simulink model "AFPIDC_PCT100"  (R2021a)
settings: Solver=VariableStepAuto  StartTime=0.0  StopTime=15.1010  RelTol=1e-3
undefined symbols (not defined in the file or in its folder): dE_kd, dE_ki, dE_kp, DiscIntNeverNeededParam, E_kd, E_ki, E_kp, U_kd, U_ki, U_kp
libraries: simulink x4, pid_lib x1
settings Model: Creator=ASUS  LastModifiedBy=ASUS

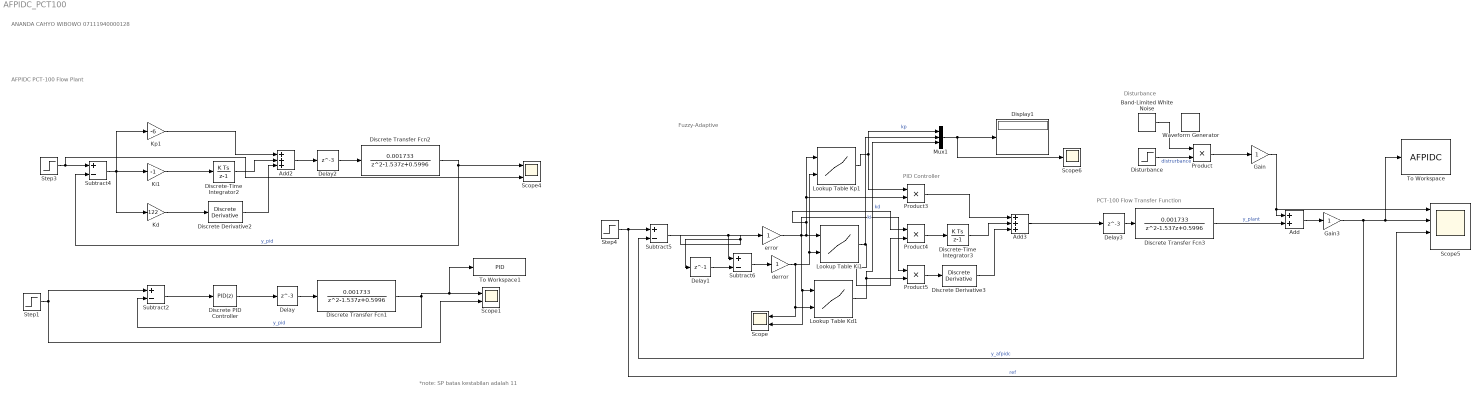
== system AFPIDC_PCT100 ==
  note: *note: SP batas kestabilan adalah 11
  note: PCT-100 Flow Transfer Function
  note: PID Controller
  note: Fuzzy-Adaptive
  note: Disturbance
  note: AFPIDC PCT-100 Flow Plant
  note: ANANDA CAHYO WIBOWO
      | 07111940000128
  Add : Sum
  Add2 : Sum  Inputs=+++
  Add3 : Sum  Inputs=+++
  Band-Limited White Noise : simulink/Sources/Band-Limited White Noise  Cov=[10e-4]  Ts=0.1  seed=[10e2]
  Delay : Delay  DelayLength=3  SampleTime=0.1
  Delay1 : Delay  DelayLength=1  SampleTime=0.1
  Delay2 : Delay  DelayLength=3  SampleTime=0.1
  Delay3 : Delay  DelayLength=3  SampleTime=0.1
  Discrete Transfer Fcn1 : DiscreteTransferFcn  Numerator=[0.001733]  Denominator=[1 -1.537 0.5996]  SampleTime=0.1
  Discrete Transfer Fcn2 : DiscreteTransferFcn  Numerator=[0.001733]  Denominator=[1 -1.537 0.5996]  SampleTime=0.1
  Discrete Transfer Fcn3 : DiscreteTransferFcn  Numerator=[0.001733]  Denominator=[1 -1.537 0.5996]  SampleTime=0.1
  Discrete Derivative2 : simulink/Discrete/Discrete Derivative  gainval=1.0  ICPrevScaledInput=0.0  OutMin=[]  OutMax=[]  OutDataType=fixdt(1, 16)  OutScaling=2^-10  DoSatur=off
  Discrete Derivative3 : simulink/Discrete/Discrete Derivative  gainval=1.0  ICPrevScaledInput=0.0  OutMin=[]  OutMax=[]  OutDataType=fixdt(1, 16)  OutScaling=2^-10  DoSatur=off
  Discrete PID Controller : pid_lib/PID Controller  Controller=PID  Form=Parallel  TimeDomain=Discrete-time  UseExternalTs=off  SampleTime=0.1  IntegratorMethod=Forward Euler  FilterMethod=Forward Euler  ControllerParametersSource=internal  P=6.0006084220144  I=20.5044954290519  D=0  UseFilter=on  N=100  TunerSelectOption=Transfer Function Based (PID Tuner App)  InitialConditionSource=internal  InitialConditionForIntegrator=0  InitialConditionForFilter=0  DifferentiatorICPrevScaledInput=0  ExternalReset=none  TrackingMode=off  Kt=1  LimitOutput=off  SatLimitsSource=internal  UpperSaturationLimit=inf  LowerSaturationLimit=-inf  LinearizeAsGain=off  AntiWindupMode=none  Kb=1  POutMin=[]  POutMax=[]  IOutMin=[]  IOutMax=[]  DOutMin=[]  DOutMax=[]  NOutMin=[]  NOutMax=[]  SumOutMin=[]  SumOutMax=[]  SaturationOutMin=[]  SaturationOutMax=[]  PParamMin=[]  PParamMax=[]  IParamMin=[]  IParamMax=[]  DParamMin=[]  DParamMax=[]  NParamMin=[]  NParamMax=[]  KbParamMin=[]  KbParamMax=[]  KtParamMin=[]  KtParamMax=[]  KbOutMin=[]  KbOutMax=[]  KtOutMin=[]  KtOutMax=[]  IntegratorOutMin=[]  IntegratorOutMax=[]  FilterOutMin=[]  FilterOutMax=[]  SumI1OutMin=[]  SumI1OutMax=[]  SumI2OutMin=[]  SumI2OutMax=[]  SumI3OutMin=[]  SumI3OutMax=[]  SumI4OutMin=[]  SumI4OutMax=[]  SumDOutMin=[]  SumDOutMax=[]  DifferentiatorOutMin=[]  DifferentiatorOutMax=[]  FilterDiffOutCoefMin=[]  FilterDiffOutCoefMax=[]  ReciprocalOutMin=[]  ReciprocalOutMax=[]  SumDenOutMin=[]  SumDenOutMax=[]  SumNumOutMin=[]  SumNumOutMax=[]  DivideOutMin=[]  DivideOutMax=[]  UdiffTsProdOutMin=[]  UdiffTsProdOutMax=[]  NTsProdOutMin=[]  NTsProdOutMax=[]  UintegralTsProdOutMin=[]  UintegralTsProdOutMax=[]  UngainTsProdOutMin=[]  UngainTsProdOutMax=[]  IntegratorContinuousStateAttributes=''  IntegratorStateMustResolveToSignalObject=off  IntegratorRTWStateStorageClass=Auto  FilterContinuousStateAttributes=''  FilterStateMustResolveToSignalObject=off  FilterRTWStateStorageClass=Auto  ParallelPVariant=InternalParameters  IdealPVariant=Disabled  IVariant=InternalParameters  DVariant=InternalParameters  IntegratorVariant=Discrete  SatVariant=Disabled  AWVariant=Passthrough  PCopyVariant=Disabled  TRVariant=Disabled  FdbkBlocksVariant=Forward  IdealPFdbkVariant=Disabled  SatFdbkVariant=Disabled  DerivativeFilterVariant=ForwardEulerFilter  NVariant=InternalParameters  NCopyVariant=Disabled  FilterICVariant=InternalICsFilter  IntegratorICVariant=InternalICs  ExternalResetVariant=Disabled  TRSumVariant=Passthrough  SumFdbkVariant=Disabled  SumVariant=Sum_PID  TsampFilterVariant=InternalTs  TsampNgainVariant=Passthrough  TsampIntegralVariant=Passthrough  ExternalSaturationOutDataTypeStr=Inherit: Same as second input
  Discrete-Time Integrator2 : DiscreteIntegrator  SampleTime=0.1  ICPrevOutput=DiscIntNeverNeededParam  ICPrevScaledInput=DiscIntNeverNeededParam
  Discrete-Time Integrator3 : DiscreteIntegrator  SampleTime=0.1  ICPrevOutput=DiscIntNeverNeededParam  ICPrevScaledInput=DiscIntNeverNeededParam
  Display1 : Display
  Disturbance : Step  Time=0  After=0.5  SampleTime=0
  Gain : Gain
  Gain3 : Gain
  Kd : Gain  Gain=122
  Ki1 : Gain  Gain=-1
  Kp1 : Gain  Gain=-6
  Lookup Table Kd1 : Lookup_n-D  BreakpointsForDimension1=E_kd(1,:)  BreakpointsForDimension2=dE_kd(:,1)  Table=U_kd  InternalRulePriority=Speed  RndMeth=Simplest  InputSameDT=on
      settings: InputPortMap=u0,u1
  Lookup Table Ki1 : Lookup_n-D  BreakpointsForDimension1=E_ki(1,:)  BreakpointsForDimension2=dE_ki(:,1)  Table=U_ki  InternalRulePriority=Speed  RndMeth=Simplest  InputSameDT=on
      settings: InputPortMap=u0,u1
  Lookup Table Kp1 : Lookup_n-D  BreakpointsForDimension1=E_kp(1,:)  BreakpointsForDimension2=dE_kp(:,1)  Table=U_kp  InternalRulePriority=Speed  RndMeth=Simplest  InputSameDT=on
      settings: InputPortMap=u0,u1
  Mux1 : Mux  Inputs=3
  Product{,3..5} (4 alike) : Product
  Scope : Scope  NumInputPorts=2
  Scope1 : Scope  NumInputPorts=2
  Scope4 : Scope  NumInputPorts=3
  Scope5 : Scope  NumInputPorts=4
  Scope6 : Scope
  Step1 : Step  SampleTime=0.1
  Step3 : Step  SampleTime=0.1
  Step4 : Step  SampleTime=0.1
  Subtract{2,4..6} (4 alike) : Sum  Inputs=+-
  To Workspace : ToWorkspace  VariableName=AFPIDC  SaveFormat=Timeseries  SampleTime=0.1
  To Workspace1 : ToWorkspace  VariableName=PID  SaveFormat=Timeseries  SampleTime=0.1
  Waveform Generator : simulink/Sources/Waveform Generator  OutMin=[]  OutMax=[]  OutDataTypeStr=double  SelectedSignal=1  Signals=sin(0.2,2*pi,0) + sin(0.3,0.5*pi,pi/2)  BlockNames=MultiportSwitch_ae95b8f8bdf8464  SampleTime=0.1
  derror : Gain
  error : Gain
  wires:
  Lookup Table Kd1/1 -> Mux1/3, Product5/2  "kd"
  Discrete Transfer Fcn3/1 -> Add/2  "y_plant"
  Discrete-Time Integrator3/1 -> Add3/2
  Discrete Derivative3/1 -> Add3/3
  Step1/1 -> Scope1/2, Subtract2/1
  Discrete PID Controller/1 -> Delay/1
  Subtract5/1 -> Subtract6/1, error/1, Delay1/1
  Product5/1 -> Discrete Derivative3/1
  Kp1/1 -> Add2/1
  Delay1/1 -> Subtract6/2
  Discrete-Time Integrator2/1 -> Add2/2
  Ki1/1 -> Discrete-Time Integrator2/1
  Subtract2/1 -> Discrete PID Controller/1
  derror/1 -> Scope/1, Lookup Table Kd1/2, Lookup Table Ki1/2, Lookup Table Kp1/2
  Step3/1 -> Scope4/3, Subtract4/1
  Discrete Transfer Fcn1/1 -> Subtract2/2, To Workspace1/1, Scope1/1  "y_pid"
  Lookup Table Ki1/1 -> Mux1/2, Product4/2  "ki"
  error/1 -> Scope/2, Lookup Table Kd1/1, Product5/1, Lookup Table Ki1/1, Product4/1, Product3/2, Lookup Table Kp1/1
  Step4/1 -> Scope5/3, Subtract5/1  "ref"
  Product4/1 -> Discrete-Time Integrator3/1
  Lookup Table Kp1/1 -> Mux1/1, Product3/1  "kp"
  Discrete Derivative2/1 -> Add2/3
  Mux1/1 -> Scope6/1, Display1/1
  Kd/1 -> Discrete Derivative2/1
  Gain3/1 -> Subtract5/2, To Workspace/1, Scope5/2  "y_afpidc"
  Product3/1 -> Add3/1
  Subtract6/1 -> derror/1
  Subtract4/1 -> Kd/1, Ki1/1, Kp1/1
  Add/1 -> Gain3/1
  Delay/1 -> Discrete Transfer Fcn1/1
  Add2/1 -> Delay2/1
  Delay2/1 -> Discrete Transfer Fcn2/1
  Discrete Transfer Fcn2/1 -> Scope4/1, Subtract4/2  "y_pid"
  Add3/1 -> Delay3/1
  Delay3/1 -> Discrete Transfer Fcn3/1
  Gain/1 -> Scope5/1, Add/1
  Disturbance/1 -> Product/2  "distrurbance"
  Product/1 -> Gain/1
  Band-Limited White Noise/1 -> Product/1
◇ ◇ ◇ ◇ ◇ ◇ ◇
## TRY IT
Which lines above hold the word "Speed"? Copy each of them.

## TASK RESPONSE
  Lookup Table Kd1 : Lookup_n-D  BreakpointsForDimension1=E_kd(1,:)  BreakpointsForDimension2=dE_kd(:,1)  Table=U_kd  InternalRulePriority=Speed  RndMeth=Simplest  InputSameDT=on
  Lookup Table Ki1 : Lookup_n-D  BreakpointsForDimension1=E_ki(1,:)  BreakpointsForDimension2=dE_ki(:,1)  Table=U_ki  InternalRulePriority=Speed  RndMeth=Simplest  InputSameDT=on
  Lookup Table Kp1 : Lookup_n-D  BreakpointsForDimension1=E_kp(1,:)  BreakpointsForDimension2=dE_kp(:,1)  Table=U_kp  InternalRulePriority=Speed  RndMeth=Simplest  InputSameDT=on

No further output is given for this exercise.